## [Task description]
Below are the records; copy each line in them that holds the word "fillet".

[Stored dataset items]
↓

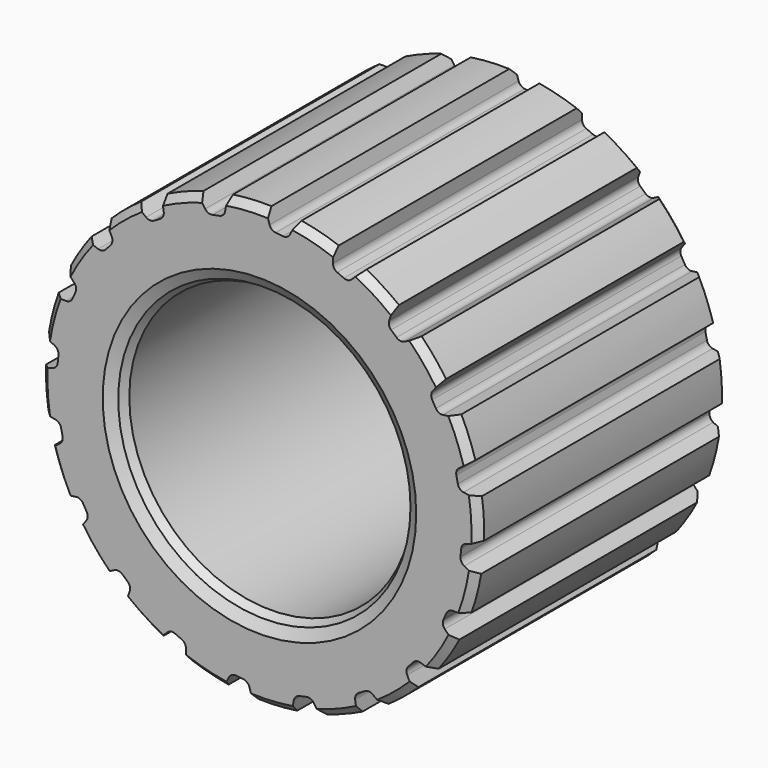
from build123d import *

# Parameters (mm, degrees)
F0_R            = 15.485
F0_R_2          = 10
F1_DEPTH        = 11
F2_SIZE2        = 0.5773502692
F2_SIZE         = 1
F3_SIZE2        = 0.5
F3_SIZE         = 0.5
F5_DEPTH        = 12.5
F5_COPIES_COUNT = 20
F6_SIZE2        = 0.5
F6_SIZE         = 0.5


# Not quite as in the source:
# - a pattern or mirror of a feature is missing from the dataset's text; its kind, count and spacing are read off the source's solid


with BuildPart() as f1:
    # F0 (on Front) → F1 (new body, symmetric)
    with BuildSketch(Plane.XZ):
        Circle(F0_R)
        Circle(F0_R_2, mode=Mode.SUBTRACT)
    extrude(amount=F1_DEPTH, both=True)

    # F2
    f2_edges = [f1.edges().sort_by_distance(p)[0] for p in [
        (-10, -11, 0),
        (-10, 11, 0),
    ]]
    f2_side = f1.faces().sort_by_distance((-10, 0, 0))[0]
    chamfer(f2_edges, length=F2_SIZE, length2=F2_SIZE2, reference=f2_side)

    # F3
    f3_edges = [f1.edges().sort_by_distance(p)[0] for p in [
        (-10.57735, -11, 0),
        (-10.57735, 11, 0),
    ]]
    chamfer(f3_edges, length=F3_SIZE, length2=F3_SIZE2)

    # F4 (on Front) → F5 (cut, symmetric)
    with BuildSketch(Plane.XZ):
        with BuildLine():
            Line((-2.4258394789, 14.4213544606), (-2.2677279827, 15.3180493143))
            ThreePointArc((-2.2677279827, 15.3180493143), (-3.319655777, 15.1249829925), (-4.3557481049, 14.8597672743))
            Line((-4.3557481049, 14.8597672743), (-3.8334908043, 14.1139065515))
            ThreePointArc((-3.8334908043, 14.1139065515), (-3.6071653955, 13.9354859857), (-3.3199589368, 13.9116209693))
            Line((-3.3199589368, 13.9116209693), (-2.81428751, 14.0191047491))
            ThreePointArc((-2.81428751, 14.0191047491), (-2.5585734552, 14.1608493642), (-2.4258394789, 14.4213544606))
        make_face()
    f5 = extrude(amount=F5_DEPTH, both=True, mode=Mode.SUBTRACT)

    # F5_copies: F5 ×20 about axis
    f5_copies_axis = Axis((0, 0, 0), (0, 1, 0))
    for i in range(1, F5_COPIES_COUNT):
        add(f5.rotate(f5_copies_axis, i * 360 / F5_COPIES_COUNT), mode=Mode.SUBTRACT)

    # F6
    f6_edges = [f1.edges().sort_by_distance(p)[0] for p in [
        (-15.458078, 11, -0.912717),
        (-15.458078, -11, -0.912717),
        (-0.912717, -11, 15.458078),
        (3.908764, -11, 14.983551),
        (8.347627, -11, 13.042329),
        (11.969366, -11, 9.824434),
        (14.419461, -11, 5.644854),
        (15.458078, -11, 0.912717),
        (14.983551, -11, -3.908764),
        (13.042329, -11, -8.347627),
        (9.824434, -11, -11.969366),
        (5.644854, -11, -14.419461),
        (0.912717, -11, -15.458078),
        (-3.908764, -11, -14.983551),
        (-8.347627, -11, -13.042329),
        (-11.969366, -11, -9.824434),
        (-14.419461, -11, -5.644854),
        (-14.983551, -11, 3.908764),
        (-13.042329, -11, 8.347627),
        (-9.824434, -11, 11.969366),
        (-5.644854, -11, 14.419461),
        (-0.912717, 11, 15.458078),
        (3.908764, 11, 14.983551),
        (8.347627, 11, 13.042329),
        (11.969366, 11, 9.824434),
        (14.419461, 11, 5.644854),
        (15.458078, 11, 0.912717),
        (14.983551, 11, -3.908764),
        (13.042329, 11, -8.347627),
        (9.824434, 11, -11.969366),
        (5.644854, 11, -14.419461),
        (0.912717, 11, -15.458078),
        (-3.908764, 11, -14.983551),
        (-8.347627, 11, -13.042329),
        (-11.969366, 11, -9.824434),
        (-14.419461, 11, -5.644854),
        (-14.983551, 11, 3.908764),
        (-13.042329, 11, 8.347627),
        (-9.824434, 11, 11.969366),
        (-5.644854, 11, 14.419461),
    ]]
    chamfer(f6_edges, length=F6_SIZE, length2=F6_SIZE2)


solid = f1.part
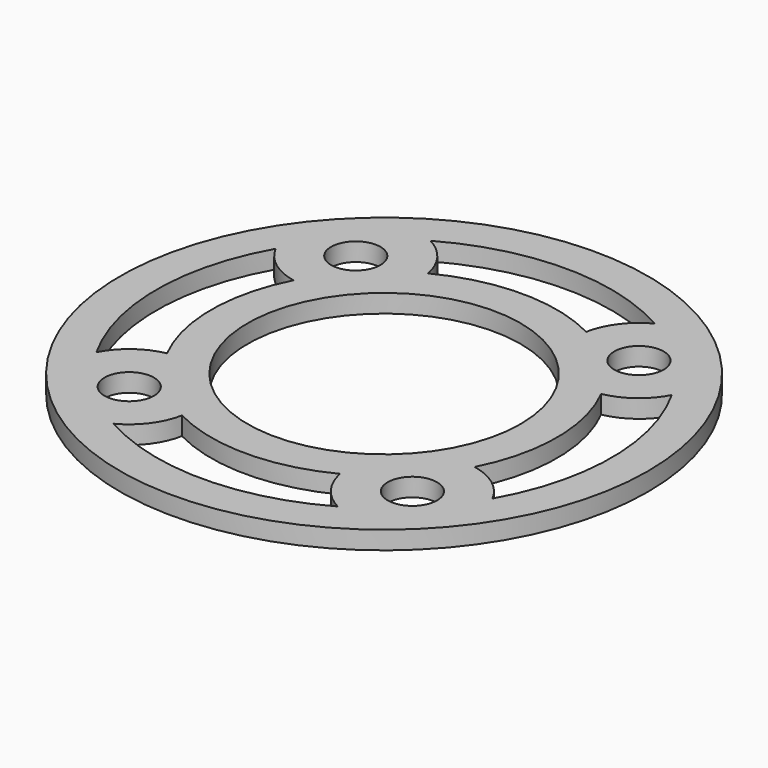
from build123d import *

# Parameters (mm, degrees)
F0_R            = 23.01875
F0_R_2          = 2.15265
F0_R_3          = 11.90625
F1_DEPTH        = 1.5875
F3_DEPTH        = 1.5875
F3_COPIES_COUNT = 4


# Not quite as in the source:
# - a pattern or mirror of a feature is missing from the dataset's text; its kind, count and spacing are read off the source's solid


with BuildPart() as f1:
    # F0 (on Top) → F1 (new body)
    with BuildSketch(Plane.XY):
        Circle(F0_R)
        with Locations((-12.3478521665, -12.3478521665)):
            Circle(F0_R_2, mode=Mode.SUBTRACT)
        with Locations((12.3478521665, -12.3478521665)):
            Circle(F0_R_2, mode=Mode.SUBTRACT)
        with Locations((-12.3478521665, 12.3478521665)):
            Circle(F0_R_2, mode=Mode.SUBTRACT)
        Circle(F0_R_3, mode=Mode.SUBTRACT)
        with Locations((12.3478521665, 12.3478521665)):
            Circle(F0_R_2, mode=Mode.SUBTRACT)
    extrude(amount=F1_DEPTH)

    # F2 (on face) → F3 (cut, through all)
    with BuildSketch(Plane.XY.offset(1.5875)):
        with BuildLine():
            ThreePointArc((-9.7719120136, 17.2709047146), (-7.8938999882, 15.6696324205), (-6.8946489019, 13.4129757356))
            ThreePointArc((-6.8946489019, 13.4129757356), (0, 15.08125), (6.8946489019, 13.4129757356))
            ThreePointArc((6.8946489019, 13.4129757356), (7.8938999882, 15.6696324205), (9.7719120136, 17.2709047146))
            ThreePointArc((9.7719120136, 17.2709047146), (0, 19.84375), (-9.7719120136, 17.2709047146))
        make_face()
    f3 = extrude(amount=-F3_DEPTH, mode=Mode.SUBTRACT)

    # F3_copies: F3 ×4 about axis
    f3_copies_axis = Axis((0, 0, 0), (0, 0, 1))
    for i in range(1, F3_COPIES_COUNT):
        add(f3.rotate(f3_copies_axis, i * 360 / F3_COPIES_COUNT), mode=Mode.SUBTRACT)


solid = f1.part
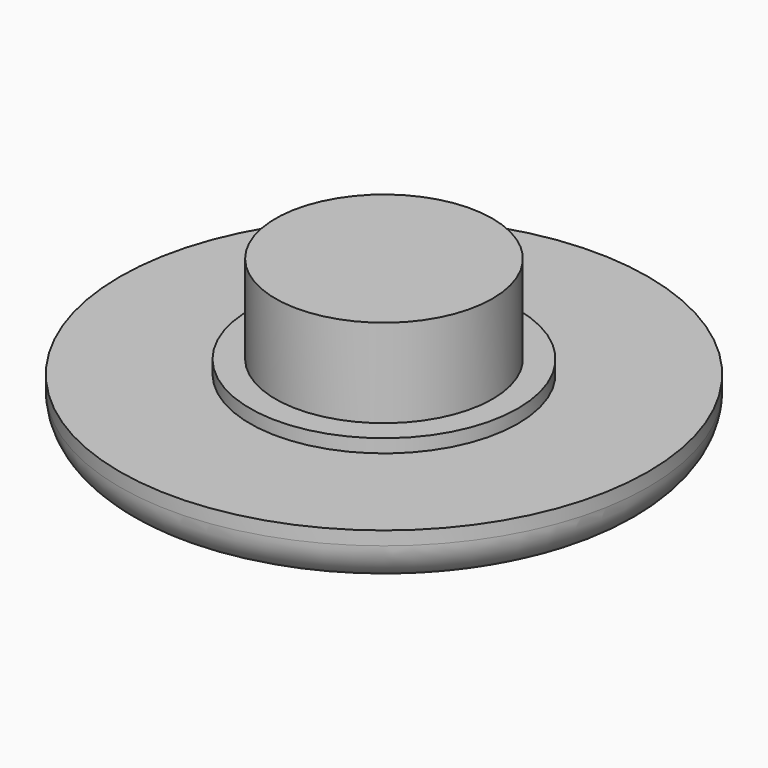
from build123d import *

# Parameters (mm, degrees)
F0_R     = 9.8592181747
F1_DEPTH = 2
F2_R     = 5
F3_DEPTH = 0.5
F4_R     = 4.05
F5_DEPTH = 3.3
F6_R     = 8.5
F7_DEPTH = 1


# Not quite as in the source:
# - a fillet or chamfer that OpenCascade refuses, or shapes differently, is made with other operations: its cross-section is extruded or revolved along the edge and cut away or added


with BuildPart() as f1:
    # F0 (on Top) → F1 (new body)
    with BuildSketch(Plane.XY):
        Circle(F0_R)
    extrude(amount=F1_DEPTH)

    # F2 (on face) → F3 (join)
    with BuildSketch(Plane.XY.offset(2)):
        Circle(F2_R)
    extrude(amount=F3_DEPTH)

    # F4 (on face) → F5 (join)
    with BuildSketch(Plane.XY.offset(2.5)):
        Circle(F4_R)
    extrude(amount=F5_DEPTH)

    # F6 (on face) → F7 (cut)
    with BuildSketch(Plane(origin=(0, 0, 0), x_dir=(1, 0, 0), z_dir=(0, 0, -1))):
        Circle(F6_R)
    extrude(amount=-F7_DEPTH, mode=Mode.SUBTRACT)

    # F8: fillet of radius 32 on 1 edges, made by hand

    # F8_s1 → F8_t2 (revolve)
    with BuildSketch(Plane.XZ):
        with BuildLine():
            ThreePointArc((8.5, 0), (4.5627460668, 0.7490157328), (0.5627460668, 1))
            Line((0.5627460668, 1), (8.5, 1))
            Line((8.5, 1), (8.5, 0))
        make_face()
    revolve(axis=Axis((0, 0, 1), (0, 0, -1)))

    # F9: fillet of radius 1.5 on 1 edges, made by hand

    # F9_s1 → F9_t2 (revolve, cut)
    with BuildSketch(Plane.XZ):
        with BuildLine():
            ThreePointArc((9.8592181747, 1.4933788795), (9.4685361494, 0.4837187233), (8.5, 0))
            Line((8.5, 0), (9.8592181747, 0))
            Line((9.8592181747, 0), (9.8592181747, 1.4933788795))
        make_face()
    revolve(axis=Axis((0, 0, 0), (0, 0, 1)), mode=Mode.SUBTRACT)


solid = f1.part

↑

## [Response]
# - a fillet or chamfer that OpenCascade refuses, or shapes differently, is made with other operations: its cross-section is extruded or revolved along the edge and cut away or added
    # F8: fillet of radius 32 on 1 edges, made by hand
    # F9: fillet of radius 1.5 on 1 edges, made by hand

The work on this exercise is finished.